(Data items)

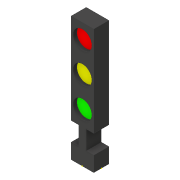
# Autodesk Inventor part: trafficlight
Saved by Autodesk Inventor 2018 (Build 220112000, 112)
## iProperties
Created: 2017-08-24
Part Number: trafficlight
Material: Generic
Document SubType Name: Modeling
Designer: Platform
Density: 1 g/cm^3
Appearance: Default
Author: Platform
Autodesk Inventor part; units mm, degrees
ref_plane "YZ Plane" through (0, 0, 0) normal (1, 0, 0) x (0, 1, 0)
ref_plane "XZ Plane" through (0, 0, 0) normal (0, 1, 0) x (-1, 0, 0)
ref_plane "XY Plane" through (0, 0, 0) normal (0, 0, 1) x (1, 0, 0)
sketch "Sketch1" plane through (0, 0, 0) normal (0, 0, 1) x (1, 0, 0)
  point P0 (0, 0)
sketch "Sketch2" plane through (0, 0, 0) normal (0, 0, 1) x (1, 0, 0)
  line L0 (-15, 20) -> (15, 20)
  line L1 (15, 20) -> (15, 0)
  line L2 (15, 0) -> (-15, 0)
  line L3 (-15, 0) -> (-15, 20)
  point P0 (0, 0)
  dimension "d0" = 30
  dimension "d1" = 20
  dimension "d2" = 20
  dimension "d3" = 15
  constraints: 8 end point, 2 parallel, 1 horizontal, 1 perpendicular
  measures "d0" distance of L1.end L2.end
  measures "d1" distance of L0.end L1.end
  measures "d2" vertical distance of point (0, 0) L0.start
  measures "d3" distance of L2.end point (0, 0)
extrude "Extrusion1" add sketch "Sketch2" along normal mid plane 20
sketch "Sketch3" plane through (0, 0, 10) normal (0, 0, 1) x (1, 0, 0)
  line L0 (-5, 45) -> (5, 45)
  line L1 (5, 45) -> (5, 20)
  line L2 (5, 20) -> (-5, 20)
  line L3 (-5, 20) -> (-5, 45)
  line L4 (15, 20) -> (-15, 20) projected
  point P0 (0, 0)
  dimension "d6" = 10
  dimension "d7" = 25
  dimension "d8" = 0
  dimension "d9" = 5
  constraints: 8 end point, 2 parallel, 1 horizontal, 1 perpendicular
  measures "d6" distance of L1.end L2.end
  measures "d7" distance of L0.end L1.end
  measures "d8" distance between parallel lines of L4 L2
  measures "d9" horizontal distance of point (0, 0) L2.end
extrude "Extrusion2" add sketch "Sketch3" against normal blind 20
sketch "Sketch4" plane through (0, 0, 10) normal (0, 0, 1) x (1, 0, 0)
  line L0 (-15, 165) -> (15, 165)
  line L1 (15, 165) -> (15, 45)
  line L2 (15, 45) -> (-15, 45)
  line L3 (-15, 45) -> (-15, 165)
  line L4 (-5, 45) -> (5, 45) projected
  point P0 (0, 0)
  dimension "d12" = 30
  dimension "d13" = 120
  dimension "d14" = 0
  dimension "d15" = 15
  constraints: 8 end point, 2 parallel, 1 horizontal, 1 perpendicular
  measures "d12" distance of L1.end L2.end
  measures "d13" distance of L0.end L1.end
  measures "d14" distance between parallel lines of L4 L2
  measures "d15" horizontal distance of L2.end point (0, 0)
extrude "Extrusion3" add sketch "Sketch4" against normal blind 20
sketch "Sketch5" plane through (0, 0, 10) normal (0, 0, 1) x (1, 0, 0)
  point P0 (0, 0)
sketch "Sketch6" plane through (0, 0, 10) normal (0, 0, 1) x (1, 0, 0)
  line L0 (0, 45) -> (0, 165)
  line L1 (-15, 165) -> (15, 165) projected
  line L2 (0, 165) -> (0, 125)
  line L3 (0, 125) -> (0, 85)
  line L4 (0, 85) -> (0, 45)
  line L5 (0, 165) -> (0, 145)
  line L6 (0, 125) -> (0, 105)
  line L7 (0, 85) -> (0, 65)
  line L8 (0, 165) -> (0, 145)
  circle A0 centre (0, 145) radius 12.5
  point P0 (0, 0)
  dimension "d18" = 40
  dimension "d19" = 40
  dimension "d20" = 20
  dimension "d21" = 20
  dimension "d22" = 20
  dimension "d23" = 25
  constraints: 16 end point, 4 midpoint, 2 collinear, 2 point on line, 1 centre point, 1 coincident
  measures "d18" distance of L0.end L2.end
  measures "d19" distance of L2.end L3.end
  measures "d20" distance of L2.end L6.end
  measures "d21" distance of L3.end L7.end
  measures "d22" distance of L0.end L5.end
  measures "d23" diameter of A0
extrude "Extrusion4" cut sketch "Sketch6" against normal blind 5
sketch "Sketch7" plane through (0, 0, 10) normal (0, 0, 1) x (1, 0, 0)
  line L0 (-15, 165) -> (15, 165) projected
  line L1 (0, 165) -> (0, 105)
  circle A0 centre (0, 105) radius 12.5
  point P0 (0, 0)
  dimension "d26" = 60
  dimension "d27" = 25
  constraints: 2 end point, 1 centre point, 1 coincident, 1 midpoint, 1 vertical
  measures "d26" distance of L1.start L1.end
  measures "d27" diameter of A0
extrude "Extrusion5" cut sketch "Sketch7" against normal blind 5
sketch "Sketch8" plane through (0, 0, 10) normal (0, 0, 1) x (1, 0, 0)
  line L0 (0, 45) -> (0, 65)
  circle A0 centre (0, 65) radius 12.5
  point P0 (0, 0)
  dimension "d30" = 20
  dimension "d31" = 25
  constraints: 2 end point, 1 centre point, 1 coincident, 1 vertical
  measures "d30" distance of L0.start L0.end
  measures "d31" diameter of A0
extrude "Extrusion6" cut sketch "Sketch8" against normal blind 5
sketch "Sketch9" plane through (15, 45, 10) normal (1, 0, 0) x (0, 0, -1)
  point P0 (10, -45)
sketch "Sketch10" plane through (0, 0, 10) normal (0, 0, 1) x (1, 0, 0)
  point P0 (0, 0)
body "Solid1"

■ EXERCISE AIM:
What you give back should match the entries above exactly, except that pictures are dropped.

■ ANSWER FOR THE TASK:
# Autodesk Inventor part: trafficlight
Saved by Autodesk Inventor 2018 (Build 220112000, 112)
## iProperties
Created: 2017-08-24
Part Number: trafficlight
Material: Generic
Document SubType Name: Modeling
Designer: Platform
Density: 1 g/cm^3
Appearance: Default
Author: Platform
Autodesk Inventor part; units mm, degrees
ref_plane "YZ Plane" through (0, 0, 0) normal (1, 0, 0) x (0, 1, 0)
ref_plane "XZ Plane" through (0, 0, 0) normal (0, 1, 0) x (-1, 0, 0)
ref_plane "XY Plane" through (0, 0, 0) normal (0, 0, 1) x (1, 0, 0)
sketch "Sketch1" plane through (0, 0, 0) normal (0, 0, 1) x (1, 0, 0)
  point P0 (0, 0)
sketch "Sketch2" plane through (0, 0, 0) normal (0, 0, 1) x (1, 0, 0)
  line L0 (-15, 20) -> (15, 20)
  line L1 (15, 20) -> (15, 0)
  line L2 (15, 0) -> (-15, 0)
  line L3 (-15, 0) -> (-15, 20)
  point P0 (0, 0)
  dimension "d0" = 30
  dimension "d1" = 20
  dimension "d2" = 20
  dimension "d3" = 15
  constraints: 8 end point, 2 parallel, 1 horizontal, 1 perpendicular
  measures "d0" distance of L1.end L2.end
  measures "d1" distance of L0.end L1.end
  measures "d2" vertical distance of point (0, 0) L0.start
  measures "d3" distance of L2.end point (0, 0)
extrude "Extrusion1" add sketch "Sketch2" along normal mid plane 20
sketch "Sketch3" plane through (0, 0, 10) normal (0, 0, 1) x (1, 0, 0)
  line L0 (-5, 45) -> (5, 45)
  line L1 (5, 45) -> (5, 20)
  line L2 (5, 20) -> (-5, 20)
  line L3 (-5, 20) -> (-5, 45)
  line L4 (15, 20) -> (-15, 20) projected
  point P0 (0, 0)
  dimension "d6" = 10
  dimension "d7" = 25
  dimension "d8" = 0
  dimension "d9" = 5
  constraints: 8 end point, 2 parallel, 1 horizontal, 1 perpendicular
  measures "d6" distance of L1.end L2.end
  measures "d7" distance of L0.end L1.end
  measures "d8" distance between parallel lines of L4 L2
  measures "d9" horizontal distance of point (0, 0) L2.end
extrude "Extrusion2" add sketch "Sketch3" against normal blind 20
sketch "Sketch4" plane through (0, 0, 10) normal (0, 0, 1) x (1, 0, 0)
  line L0 (-15, 165) -> (15, 165)
  line L1 (15, 165) -> (15, 45)
  line L2 (15, 45) -> (-15, 45)
  line L3 (-15, 45) -> (-15, 165)
  line L4 (-5, 45) -> (5, 45) projected
  point P0 (0, 0)
  dimension "d12" = 30
  dimension "d13" = 120
  dimension "d14" = 0
  dimension "d15" = 15
  constraints: 8 end point, 2 parallel, 1 horizontal, 1 perpendicular
  measures "d12" distance of L1.end L2.end
  measures "d13" distance of L0.end L1.end
  measures "d14" distance between parallel lines of L4 L2
  measures "d15" horizontal distance of L2.end point (0, 0)
extrude "Extrusion3" add sketch "Sketch4" against normal blind 20
sketch "Sketch5" plane through (0, 0, 10) normal (0, 0, 1) x (1, 0, 0)
  point P0 (0, 0)
sketch "Sketch6" plane through (0, 0, 10) normal (0, 0, 1) x (1, 0, 0)
  line L0 (0, 45) -> (0, 165)
  line L1 (-15, 165) -> (15, 165) projected
  line L2 (0, 165) -> (0, 125)
  line L3 (0, 125) -> (0, 85)
  line L4 (0, 85) -> (0, 45)
  line L5 (0, 165) -> (0, 145)
  line L6 (0, 125) -> (0, 105)
  line L7 (0, 85) -> (0, 65)
  line L8 (0, 165) -> (0, 145)
  circle A0 centre (0, 145) radius 12.5
  point P0 (0, 0)
  dimension "d18" = 40
  dimension "d19" = 40
  dimension "d20" = 20
  dimension "d21" = 20
  dimension "d22" = 20
  dimension "d23" = 25
  constraints: 16 end point, 4 midpoint, 2 collinear, 2 point on line, 1 centre point, 1 coincident
  measures "d18" distance of L0.end L2.end
  measures "d19" distance of L2.end L3.end
  measures "d20" distance of L2.end L6.end
  measures "d21" distance of L3.end L7.end
  measures "d22" distance of L0.end L5.end
  measures "d23" diameter of A0
extrude "Extrusion4" cut sketch "Sketch6" against normal blind 5
sketch "Sketch7" plane through (0, 0, 10) normal (0, 0, 1) x (1, 0, 0)
  line L0 (-15, 165) -> (15, 165) projected
  line L1 (0, 165) -> (0, 105)
  circle A0 centre (0, 105) radius 12.5
  point P0 (0, 0)
  dimension "d26" = 60
  dimension "d27" = 25
  constraints: 2 end point, 1 centre point, 1 coincident, 1 midpoint, 1 vertical
  measures "d26" distance of L1.start L1.end
  measures "d27" diameter of A0
extrude "Extrusion5" cut sketch "Sketch7" against normal blind 5
sketch "Sketch8" plane through (0, 0, 10) normal (0, 0, 1) x (1, 0, 0)
  line L0 (0, 45) -> (0, 65)
  circle A0 centre (0, 65) radius 12.5
  point P0 (0, 0)
  dimension "d30" = 20
  dimension "d31" = 25
  constraints: 2 end point, 1 centre point, 1 coincident, 1 vertical
  measures "d30" distance of L0.start L0.end
  measures "d31" diameter of A0
extrude "Extrusion6" cut sketch "Sketch8" against normal blind 5
sketch "Sketch9" plane through (15, 45, 10) normal (1, 0, 0) x (0, 0, -1)
  point P0 (10, -45)
sketch "Sketch10" plane through (0, 0, 10) normal (0, 0, 1) x (1, 0, 0)
  point P0 (0, 0)
body "Solid1"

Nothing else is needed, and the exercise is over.